シチュー問題

雪を見ると途端に冬の気分になる。

昨日はどうしてもシチューが食べたくなり作ってみたのだが、作るたびにいつもなんか違うなと思ってしまうのがシチューの謎である。まずいわけではないのだが、イメージしている味と違うのだ。ばしっと、これこれ!という出来上がりにならない。私は給食みたいなシチューが食べたい。ロールパンか食パンと一緒に食べたい。のだが、どうも違う。

おそらく市販のルウを使ってしまうのが良くないのだろう。ブイヨンやバターや生クリームのコクなんてものは、もっと「なくていい」ような気がする。今回買ったシチューのルウも、おいしいはおいしいがなんか違うんだよなぁという感じが迫ってきてどうしようもないので、未使用の半分は同僚にあげようかと思いつつある。(同僚には迷惑な話かもしれないが。)
あれこれ市販のソースやルウを試すより、どこか近くの学校にでも給食のレシピを問い合わせた方が早く理想にたどり着くのかもしれない。うーん。

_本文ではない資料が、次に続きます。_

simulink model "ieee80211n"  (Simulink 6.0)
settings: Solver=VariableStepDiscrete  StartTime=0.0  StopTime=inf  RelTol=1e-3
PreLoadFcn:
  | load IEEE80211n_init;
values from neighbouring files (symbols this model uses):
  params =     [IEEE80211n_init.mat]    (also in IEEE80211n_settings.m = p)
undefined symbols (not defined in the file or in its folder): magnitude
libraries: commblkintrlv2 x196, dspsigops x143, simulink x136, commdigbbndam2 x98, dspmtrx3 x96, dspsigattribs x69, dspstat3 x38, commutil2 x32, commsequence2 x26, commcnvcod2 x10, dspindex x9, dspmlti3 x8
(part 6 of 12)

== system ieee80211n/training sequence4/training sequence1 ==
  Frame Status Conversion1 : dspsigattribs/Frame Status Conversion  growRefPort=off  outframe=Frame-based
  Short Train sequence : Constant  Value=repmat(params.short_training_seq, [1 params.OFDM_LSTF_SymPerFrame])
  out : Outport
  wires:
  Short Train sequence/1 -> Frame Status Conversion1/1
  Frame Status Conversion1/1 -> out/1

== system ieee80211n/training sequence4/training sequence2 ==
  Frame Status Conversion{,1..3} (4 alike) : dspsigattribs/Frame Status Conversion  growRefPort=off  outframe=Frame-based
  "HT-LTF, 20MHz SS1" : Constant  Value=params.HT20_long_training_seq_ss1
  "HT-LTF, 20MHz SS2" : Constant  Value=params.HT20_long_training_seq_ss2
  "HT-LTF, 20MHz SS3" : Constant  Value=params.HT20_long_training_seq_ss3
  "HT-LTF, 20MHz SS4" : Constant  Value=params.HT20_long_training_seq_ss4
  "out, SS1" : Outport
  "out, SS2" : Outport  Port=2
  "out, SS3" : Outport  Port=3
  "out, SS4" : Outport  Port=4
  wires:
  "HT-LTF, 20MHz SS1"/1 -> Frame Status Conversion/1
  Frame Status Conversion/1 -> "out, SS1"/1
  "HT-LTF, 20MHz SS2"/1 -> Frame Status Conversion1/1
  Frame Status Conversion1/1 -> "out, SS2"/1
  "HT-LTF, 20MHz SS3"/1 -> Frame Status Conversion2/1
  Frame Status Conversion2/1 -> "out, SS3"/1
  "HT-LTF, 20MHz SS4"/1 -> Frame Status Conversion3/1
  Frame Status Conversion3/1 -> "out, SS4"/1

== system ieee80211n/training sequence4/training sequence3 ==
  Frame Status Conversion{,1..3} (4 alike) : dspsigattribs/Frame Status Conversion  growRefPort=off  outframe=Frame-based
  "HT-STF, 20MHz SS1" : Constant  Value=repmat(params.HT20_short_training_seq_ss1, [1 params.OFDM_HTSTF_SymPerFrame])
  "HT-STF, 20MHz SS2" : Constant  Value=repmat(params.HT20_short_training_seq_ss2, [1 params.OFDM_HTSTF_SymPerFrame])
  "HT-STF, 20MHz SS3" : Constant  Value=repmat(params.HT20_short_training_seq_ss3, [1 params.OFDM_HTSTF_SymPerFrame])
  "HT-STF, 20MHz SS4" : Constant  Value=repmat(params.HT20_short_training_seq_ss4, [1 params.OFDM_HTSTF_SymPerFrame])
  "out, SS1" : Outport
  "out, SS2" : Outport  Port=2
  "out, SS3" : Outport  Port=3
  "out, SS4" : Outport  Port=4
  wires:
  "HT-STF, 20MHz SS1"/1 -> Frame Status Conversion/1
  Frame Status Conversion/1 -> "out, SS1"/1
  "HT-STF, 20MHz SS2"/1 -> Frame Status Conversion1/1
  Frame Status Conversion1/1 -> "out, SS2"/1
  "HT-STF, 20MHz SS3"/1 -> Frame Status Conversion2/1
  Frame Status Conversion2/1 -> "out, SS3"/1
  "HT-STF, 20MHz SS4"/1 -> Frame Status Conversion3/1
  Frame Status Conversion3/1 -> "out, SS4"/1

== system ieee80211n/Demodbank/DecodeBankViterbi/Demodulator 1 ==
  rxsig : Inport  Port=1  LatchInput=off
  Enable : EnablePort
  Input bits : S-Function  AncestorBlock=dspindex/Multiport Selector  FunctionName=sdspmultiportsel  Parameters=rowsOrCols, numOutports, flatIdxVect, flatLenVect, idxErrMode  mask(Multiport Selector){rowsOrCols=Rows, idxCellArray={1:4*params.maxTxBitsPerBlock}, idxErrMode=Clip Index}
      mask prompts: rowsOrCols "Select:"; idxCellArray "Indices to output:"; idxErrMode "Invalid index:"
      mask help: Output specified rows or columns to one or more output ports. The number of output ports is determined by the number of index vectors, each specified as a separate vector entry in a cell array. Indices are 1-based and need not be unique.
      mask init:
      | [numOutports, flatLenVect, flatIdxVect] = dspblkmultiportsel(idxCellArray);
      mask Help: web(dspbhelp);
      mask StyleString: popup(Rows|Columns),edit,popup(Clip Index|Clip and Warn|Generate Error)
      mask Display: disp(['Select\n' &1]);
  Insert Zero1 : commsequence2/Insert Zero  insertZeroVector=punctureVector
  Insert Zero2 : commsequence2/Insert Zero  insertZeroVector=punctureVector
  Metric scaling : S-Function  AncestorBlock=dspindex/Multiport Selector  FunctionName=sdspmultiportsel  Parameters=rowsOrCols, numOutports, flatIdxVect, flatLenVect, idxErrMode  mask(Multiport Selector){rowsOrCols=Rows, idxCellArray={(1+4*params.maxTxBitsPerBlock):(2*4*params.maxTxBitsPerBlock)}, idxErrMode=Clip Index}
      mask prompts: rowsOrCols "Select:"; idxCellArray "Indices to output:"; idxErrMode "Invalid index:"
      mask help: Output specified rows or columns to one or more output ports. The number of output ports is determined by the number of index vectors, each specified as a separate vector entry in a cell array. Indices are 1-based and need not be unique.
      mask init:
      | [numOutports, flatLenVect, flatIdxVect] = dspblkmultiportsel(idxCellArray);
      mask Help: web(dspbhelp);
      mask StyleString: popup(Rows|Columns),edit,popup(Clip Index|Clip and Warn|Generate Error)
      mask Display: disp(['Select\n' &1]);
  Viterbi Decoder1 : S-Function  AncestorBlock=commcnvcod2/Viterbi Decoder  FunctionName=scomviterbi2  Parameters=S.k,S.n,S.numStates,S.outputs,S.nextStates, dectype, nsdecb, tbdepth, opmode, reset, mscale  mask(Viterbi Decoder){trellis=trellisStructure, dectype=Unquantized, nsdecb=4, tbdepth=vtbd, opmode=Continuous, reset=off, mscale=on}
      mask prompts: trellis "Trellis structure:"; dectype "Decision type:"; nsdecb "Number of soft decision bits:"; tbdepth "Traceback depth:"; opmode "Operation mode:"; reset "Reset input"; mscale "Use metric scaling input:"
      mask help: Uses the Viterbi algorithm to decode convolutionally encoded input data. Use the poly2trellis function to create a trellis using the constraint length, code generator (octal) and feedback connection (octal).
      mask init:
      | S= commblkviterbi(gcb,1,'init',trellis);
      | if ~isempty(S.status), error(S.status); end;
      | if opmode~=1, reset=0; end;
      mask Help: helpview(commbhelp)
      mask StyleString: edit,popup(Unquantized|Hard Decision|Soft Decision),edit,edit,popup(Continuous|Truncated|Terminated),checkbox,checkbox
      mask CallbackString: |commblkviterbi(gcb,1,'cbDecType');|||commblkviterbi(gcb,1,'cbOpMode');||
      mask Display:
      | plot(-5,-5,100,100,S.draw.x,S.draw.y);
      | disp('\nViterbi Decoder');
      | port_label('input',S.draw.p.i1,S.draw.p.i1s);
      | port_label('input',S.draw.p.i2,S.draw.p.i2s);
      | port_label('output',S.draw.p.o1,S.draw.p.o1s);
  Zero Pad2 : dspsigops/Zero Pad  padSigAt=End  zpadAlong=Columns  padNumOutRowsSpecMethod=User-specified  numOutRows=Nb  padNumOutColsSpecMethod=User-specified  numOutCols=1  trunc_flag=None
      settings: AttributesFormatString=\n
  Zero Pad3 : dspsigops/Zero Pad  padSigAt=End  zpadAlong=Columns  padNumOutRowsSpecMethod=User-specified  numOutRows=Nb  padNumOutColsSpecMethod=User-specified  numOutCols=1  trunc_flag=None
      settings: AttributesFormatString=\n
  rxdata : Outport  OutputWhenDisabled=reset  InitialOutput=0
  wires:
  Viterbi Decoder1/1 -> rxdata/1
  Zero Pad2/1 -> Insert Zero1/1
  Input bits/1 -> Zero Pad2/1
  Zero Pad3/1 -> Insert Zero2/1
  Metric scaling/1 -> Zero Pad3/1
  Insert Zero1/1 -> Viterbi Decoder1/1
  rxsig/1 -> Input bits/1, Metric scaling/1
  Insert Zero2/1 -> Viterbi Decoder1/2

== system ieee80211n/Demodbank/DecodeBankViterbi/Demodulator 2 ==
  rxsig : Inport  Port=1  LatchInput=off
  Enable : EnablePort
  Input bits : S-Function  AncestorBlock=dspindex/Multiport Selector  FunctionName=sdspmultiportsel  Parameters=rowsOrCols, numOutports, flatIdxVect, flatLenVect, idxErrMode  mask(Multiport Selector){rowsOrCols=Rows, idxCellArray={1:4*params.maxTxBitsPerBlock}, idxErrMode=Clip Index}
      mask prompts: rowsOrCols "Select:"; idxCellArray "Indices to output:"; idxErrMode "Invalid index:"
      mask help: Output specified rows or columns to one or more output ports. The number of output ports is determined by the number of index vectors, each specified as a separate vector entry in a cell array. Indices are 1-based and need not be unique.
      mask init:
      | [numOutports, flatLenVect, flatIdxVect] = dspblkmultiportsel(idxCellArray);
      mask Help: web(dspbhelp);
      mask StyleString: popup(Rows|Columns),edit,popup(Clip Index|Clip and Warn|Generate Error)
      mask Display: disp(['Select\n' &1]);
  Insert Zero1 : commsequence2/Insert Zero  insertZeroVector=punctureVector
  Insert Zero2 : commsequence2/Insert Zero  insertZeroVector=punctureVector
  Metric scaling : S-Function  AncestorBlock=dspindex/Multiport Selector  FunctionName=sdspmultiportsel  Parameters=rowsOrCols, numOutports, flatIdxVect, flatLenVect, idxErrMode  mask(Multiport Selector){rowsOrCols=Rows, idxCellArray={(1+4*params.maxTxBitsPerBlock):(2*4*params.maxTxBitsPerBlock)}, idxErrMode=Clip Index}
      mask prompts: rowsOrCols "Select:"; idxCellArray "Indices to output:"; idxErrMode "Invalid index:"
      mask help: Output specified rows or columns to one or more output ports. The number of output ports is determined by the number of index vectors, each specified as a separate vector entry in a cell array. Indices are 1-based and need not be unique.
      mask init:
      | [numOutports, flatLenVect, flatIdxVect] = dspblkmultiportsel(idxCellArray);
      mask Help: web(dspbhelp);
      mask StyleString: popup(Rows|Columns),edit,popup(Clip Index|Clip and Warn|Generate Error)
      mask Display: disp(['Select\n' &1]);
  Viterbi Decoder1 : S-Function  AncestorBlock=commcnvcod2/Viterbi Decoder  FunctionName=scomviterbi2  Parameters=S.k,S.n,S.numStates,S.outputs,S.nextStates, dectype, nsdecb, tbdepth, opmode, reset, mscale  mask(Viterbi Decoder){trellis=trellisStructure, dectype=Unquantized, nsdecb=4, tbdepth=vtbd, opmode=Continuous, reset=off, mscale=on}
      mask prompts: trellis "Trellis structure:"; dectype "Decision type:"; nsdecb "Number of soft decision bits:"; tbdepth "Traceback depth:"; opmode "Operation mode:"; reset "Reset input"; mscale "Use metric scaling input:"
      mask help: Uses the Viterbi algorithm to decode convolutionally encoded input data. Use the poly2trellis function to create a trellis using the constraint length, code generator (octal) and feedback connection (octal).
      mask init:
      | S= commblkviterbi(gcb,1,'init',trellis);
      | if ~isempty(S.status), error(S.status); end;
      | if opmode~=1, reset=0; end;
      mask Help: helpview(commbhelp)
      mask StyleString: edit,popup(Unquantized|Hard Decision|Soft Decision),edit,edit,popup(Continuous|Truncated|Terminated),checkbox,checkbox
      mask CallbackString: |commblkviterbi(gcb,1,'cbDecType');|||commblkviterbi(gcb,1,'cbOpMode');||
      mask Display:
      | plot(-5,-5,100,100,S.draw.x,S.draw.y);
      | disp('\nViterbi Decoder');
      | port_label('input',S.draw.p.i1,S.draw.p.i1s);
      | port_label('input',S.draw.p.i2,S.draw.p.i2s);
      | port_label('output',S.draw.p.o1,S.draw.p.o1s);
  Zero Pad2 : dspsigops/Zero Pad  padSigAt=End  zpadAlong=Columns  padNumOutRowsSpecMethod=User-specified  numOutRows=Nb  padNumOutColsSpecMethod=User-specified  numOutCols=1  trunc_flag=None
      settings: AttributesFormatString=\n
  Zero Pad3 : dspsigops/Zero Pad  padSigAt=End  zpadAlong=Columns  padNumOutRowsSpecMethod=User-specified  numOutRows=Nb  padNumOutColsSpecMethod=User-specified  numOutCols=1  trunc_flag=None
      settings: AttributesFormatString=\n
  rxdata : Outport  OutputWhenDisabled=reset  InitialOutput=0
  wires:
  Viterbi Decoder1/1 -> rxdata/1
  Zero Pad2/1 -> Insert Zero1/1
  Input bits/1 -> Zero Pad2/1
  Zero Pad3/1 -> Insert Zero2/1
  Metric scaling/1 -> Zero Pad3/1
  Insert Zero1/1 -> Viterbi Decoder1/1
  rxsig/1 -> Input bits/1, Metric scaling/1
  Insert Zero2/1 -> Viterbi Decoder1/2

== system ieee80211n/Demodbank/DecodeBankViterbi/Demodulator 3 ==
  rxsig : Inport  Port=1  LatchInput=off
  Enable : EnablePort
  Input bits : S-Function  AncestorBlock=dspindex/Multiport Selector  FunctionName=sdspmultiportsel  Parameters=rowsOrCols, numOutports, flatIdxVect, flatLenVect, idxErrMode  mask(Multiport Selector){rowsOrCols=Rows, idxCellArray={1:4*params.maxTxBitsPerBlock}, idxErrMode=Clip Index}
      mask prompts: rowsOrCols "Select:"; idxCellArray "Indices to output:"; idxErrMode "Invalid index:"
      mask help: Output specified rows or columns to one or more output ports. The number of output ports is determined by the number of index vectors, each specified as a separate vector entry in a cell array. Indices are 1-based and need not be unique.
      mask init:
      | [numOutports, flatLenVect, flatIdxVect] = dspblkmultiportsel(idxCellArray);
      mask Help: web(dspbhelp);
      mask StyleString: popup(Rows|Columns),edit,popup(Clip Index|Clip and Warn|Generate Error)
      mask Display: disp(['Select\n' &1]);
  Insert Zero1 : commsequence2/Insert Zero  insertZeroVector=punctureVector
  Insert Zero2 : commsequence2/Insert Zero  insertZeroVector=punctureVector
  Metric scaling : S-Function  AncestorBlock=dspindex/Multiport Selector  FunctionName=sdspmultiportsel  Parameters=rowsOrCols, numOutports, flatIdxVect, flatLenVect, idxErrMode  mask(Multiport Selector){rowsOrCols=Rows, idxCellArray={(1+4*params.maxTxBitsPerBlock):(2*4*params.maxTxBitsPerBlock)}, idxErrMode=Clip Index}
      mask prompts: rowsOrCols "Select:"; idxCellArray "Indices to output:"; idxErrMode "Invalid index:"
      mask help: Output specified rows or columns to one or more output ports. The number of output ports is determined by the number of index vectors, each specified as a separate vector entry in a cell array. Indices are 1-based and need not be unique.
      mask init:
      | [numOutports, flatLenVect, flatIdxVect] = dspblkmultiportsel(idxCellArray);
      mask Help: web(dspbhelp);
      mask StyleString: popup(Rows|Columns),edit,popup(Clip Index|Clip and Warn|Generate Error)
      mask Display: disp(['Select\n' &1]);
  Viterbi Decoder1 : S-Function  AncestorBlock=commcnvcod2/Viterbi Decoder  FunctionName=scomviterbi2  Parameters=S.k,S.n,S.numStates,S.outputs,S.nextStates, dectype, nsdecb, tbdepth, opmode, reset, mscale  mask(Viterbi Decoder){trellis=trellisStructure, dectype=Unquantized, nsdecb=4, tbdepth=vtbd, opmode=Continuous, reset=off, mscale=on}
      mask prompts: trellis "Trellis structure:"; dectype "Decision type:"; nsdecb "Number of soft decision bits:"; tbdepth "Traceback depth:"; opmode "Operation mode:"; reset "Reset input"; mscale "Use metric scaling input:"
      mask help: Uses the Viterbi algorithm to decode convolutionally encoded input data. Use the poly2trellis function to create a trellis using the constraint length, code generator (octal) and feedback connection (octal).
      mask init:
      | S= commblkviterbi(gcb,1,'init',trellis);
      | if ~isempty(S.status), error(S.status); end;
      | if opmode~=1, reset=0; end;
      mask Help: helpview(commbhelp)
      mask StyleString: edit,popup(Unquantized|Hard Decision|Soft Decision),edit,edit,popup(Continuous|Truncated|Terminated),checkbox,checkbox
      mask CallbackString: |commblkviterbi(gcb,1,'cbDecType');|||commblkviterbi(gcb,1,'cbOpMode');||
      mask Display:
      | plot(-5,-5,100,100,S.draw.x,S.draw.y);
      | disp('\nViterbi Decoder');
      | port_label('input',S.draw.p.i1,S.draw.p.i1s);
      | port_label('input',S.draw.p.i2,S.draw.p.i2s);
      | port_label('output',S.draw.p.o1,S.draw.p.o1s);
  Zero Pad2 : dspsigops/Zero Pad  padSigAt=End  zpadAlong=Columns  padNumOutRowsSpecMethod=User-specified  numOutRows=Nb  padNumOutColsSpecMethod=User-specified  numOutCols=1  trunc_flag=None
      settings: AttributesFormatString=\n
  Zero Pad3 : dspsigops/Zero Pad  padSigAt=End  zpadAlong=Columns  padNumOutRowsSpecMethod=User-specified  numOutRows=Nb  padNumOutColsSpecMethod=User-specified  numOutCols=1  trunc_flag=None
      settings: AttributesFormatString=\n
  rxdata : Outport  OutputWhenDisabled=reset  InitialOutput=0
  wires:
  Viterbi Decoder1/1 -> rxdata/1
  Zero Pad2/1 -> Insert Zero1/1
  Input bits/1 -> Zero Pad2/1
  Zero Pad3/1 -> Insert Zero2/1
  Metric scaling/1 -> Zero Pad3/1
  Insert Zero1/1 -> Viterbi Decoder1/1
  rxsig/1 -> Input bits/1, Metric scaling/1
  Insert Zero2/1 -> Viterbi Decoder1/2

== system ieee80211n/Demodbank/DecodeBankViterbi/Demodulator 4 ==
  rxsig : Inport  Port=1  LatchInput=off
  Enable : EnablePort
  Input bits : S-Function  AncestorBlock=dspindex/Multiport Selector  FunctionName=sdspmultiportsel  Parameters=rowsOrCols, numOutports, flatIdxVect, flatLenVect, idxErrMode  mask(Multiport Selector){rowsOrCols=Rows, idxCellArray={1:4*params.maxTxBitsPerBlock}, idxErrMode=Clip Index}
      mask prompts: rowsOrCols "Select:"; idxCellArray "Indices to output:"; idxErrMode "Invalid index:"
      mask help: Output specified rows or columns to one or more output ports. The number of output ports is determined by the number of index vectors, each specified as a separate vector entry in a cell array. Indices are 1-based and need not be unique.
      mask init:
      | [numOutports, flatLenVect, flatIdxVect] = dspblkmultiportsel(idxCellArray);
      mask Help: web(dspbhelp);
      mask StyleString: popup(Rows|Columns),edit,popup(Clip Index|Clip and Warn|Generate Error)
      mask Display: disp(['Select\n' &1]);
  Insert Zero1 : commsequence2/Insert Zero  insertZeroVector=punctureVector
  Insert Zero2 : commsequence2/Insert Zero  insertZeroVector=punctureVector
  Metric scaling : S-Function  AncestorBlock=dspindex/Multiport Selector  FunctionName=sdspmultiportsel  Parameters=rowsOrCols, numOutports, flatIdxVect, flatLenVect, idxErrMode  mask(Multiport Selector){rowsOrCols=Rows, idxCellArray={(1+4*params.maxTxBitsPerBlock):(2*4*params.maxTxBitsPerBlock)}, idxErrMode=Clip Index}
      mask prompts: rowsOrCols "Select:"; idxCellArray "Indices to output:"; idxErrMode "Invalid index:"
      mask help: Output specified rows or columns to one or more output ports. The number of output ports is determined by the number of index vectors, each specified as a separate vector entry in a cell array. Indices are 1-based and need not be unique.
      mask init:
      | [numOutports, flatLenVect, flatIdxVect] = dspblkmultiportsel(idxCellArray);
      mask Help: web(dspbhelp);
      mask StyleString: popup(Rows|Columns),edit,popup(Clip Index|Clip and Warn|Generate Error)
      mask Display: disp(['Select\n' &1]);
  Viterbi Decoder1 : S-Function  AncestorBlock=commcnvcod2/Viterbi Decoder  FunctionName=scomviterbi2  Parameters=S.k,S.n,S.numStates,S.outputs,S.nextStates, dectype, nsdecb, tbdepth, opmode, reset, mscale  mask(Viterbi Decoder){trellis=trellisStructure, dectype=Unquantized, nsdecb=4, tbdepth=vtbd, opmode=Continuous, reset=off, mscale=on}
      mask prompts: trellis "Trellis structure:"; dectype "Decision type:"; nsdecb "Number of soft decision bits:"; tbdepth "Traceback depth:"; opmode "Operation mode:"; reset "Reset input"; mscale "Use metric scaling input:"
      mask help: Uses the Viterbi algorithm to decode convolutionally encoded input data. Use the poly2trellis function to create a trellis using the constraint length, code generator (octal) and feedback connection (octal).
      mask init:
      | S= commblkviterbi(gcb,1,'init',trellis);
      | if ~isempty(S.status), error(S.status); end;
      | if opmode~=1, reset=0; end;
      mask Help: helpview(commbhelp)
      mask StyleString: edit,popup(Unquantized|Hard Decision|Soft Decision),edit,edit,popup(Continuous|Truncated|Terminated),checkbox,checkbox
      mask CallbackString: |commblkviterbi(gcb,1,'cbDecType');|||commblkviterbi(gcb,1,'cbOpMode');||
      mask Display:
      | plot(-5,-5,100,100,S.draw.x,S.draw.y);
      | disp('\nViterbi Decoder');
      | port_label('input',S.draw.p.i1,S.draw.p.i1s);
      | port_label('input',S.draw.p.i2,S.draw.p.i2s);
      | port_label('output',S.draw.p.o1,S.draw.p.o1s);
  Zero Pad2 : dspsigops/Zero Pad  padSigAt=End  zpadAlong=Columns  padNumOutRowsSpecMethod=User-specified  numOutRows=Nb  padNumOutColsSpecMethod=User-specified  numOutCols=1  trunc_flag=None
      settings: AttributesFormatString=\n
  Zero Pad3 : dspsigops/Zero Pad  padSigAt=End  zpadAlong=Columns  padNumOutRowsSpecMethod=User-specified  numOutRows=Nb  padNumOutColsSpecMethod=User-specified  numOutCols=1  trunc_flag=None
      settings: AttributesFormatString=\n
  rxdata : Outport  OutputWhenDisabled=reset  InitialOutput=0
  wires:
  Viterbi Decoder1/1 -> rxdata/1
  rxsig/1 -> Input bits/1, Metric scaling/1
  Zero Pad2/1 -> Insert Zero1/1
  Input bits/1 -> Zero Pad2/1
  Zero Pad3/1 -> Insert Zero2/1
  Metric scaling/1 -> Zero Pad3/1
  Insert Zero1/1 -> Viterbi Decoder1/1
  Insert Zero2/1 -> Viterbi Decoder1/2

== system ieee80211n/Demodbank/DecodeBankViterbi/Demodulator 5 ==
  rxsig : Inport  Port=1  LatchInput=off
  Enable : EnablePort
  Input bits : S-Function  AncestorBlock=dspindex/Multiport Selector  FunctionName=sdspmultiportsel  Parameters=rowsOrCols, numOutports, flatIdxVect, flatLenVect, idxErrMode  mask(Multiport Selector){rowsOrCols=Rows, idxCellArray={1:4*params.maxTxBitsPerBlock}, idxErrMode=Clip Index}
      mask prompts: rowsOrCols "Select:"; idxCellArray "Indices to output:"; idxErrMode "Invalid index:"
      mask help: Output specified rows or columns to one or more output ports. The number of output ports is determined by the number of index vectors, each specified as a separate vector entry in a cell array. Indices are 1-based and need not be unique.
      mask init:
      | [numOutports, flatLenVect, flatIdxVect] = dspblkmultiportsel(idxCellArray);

実家はクリーム系の食事は一切作らない家だったが、私はクリーム系の食事がとても好きだ。シチュー、グラタン、ドリア、クリームパスタ、クラムチャウダー、クリームコロッケなどなど。どこで味を覚えたのかといえば、学校、レトルト、コンビニ、冷凍食品、外食チェーンなどである。
外の味がスタンダードとしてインプットされてしまっているがゆえに、私には作って再現することができないのだが、それがどうにも残念で満たされない。趣味的な料理の快感というのは、自分で作ってイメージ通りの好みの味がばしっと決まったときに訪れるもので、たとえるならゴールが決まったような、いいところにジャストミートしたような、そんな満足感なのであるが、それが決して起こらないものだから、欲求不満で燻ってしまう。
買ってくれば話が早いのはわかっている。わかっているのだが違うのだ。作って食べることで得る満足が欲しい。やはりレシピを聞くしかない。しかし誰に?どこに?

これがまだ鍋にたくさんあるのもつらい。いや、おいしいのだけれどね。理想通りじゃないというだけで。
好きだから作るのに却って欲求不満が残るという、創作の悩みのようなものが発生する、冬のシチュー問題である。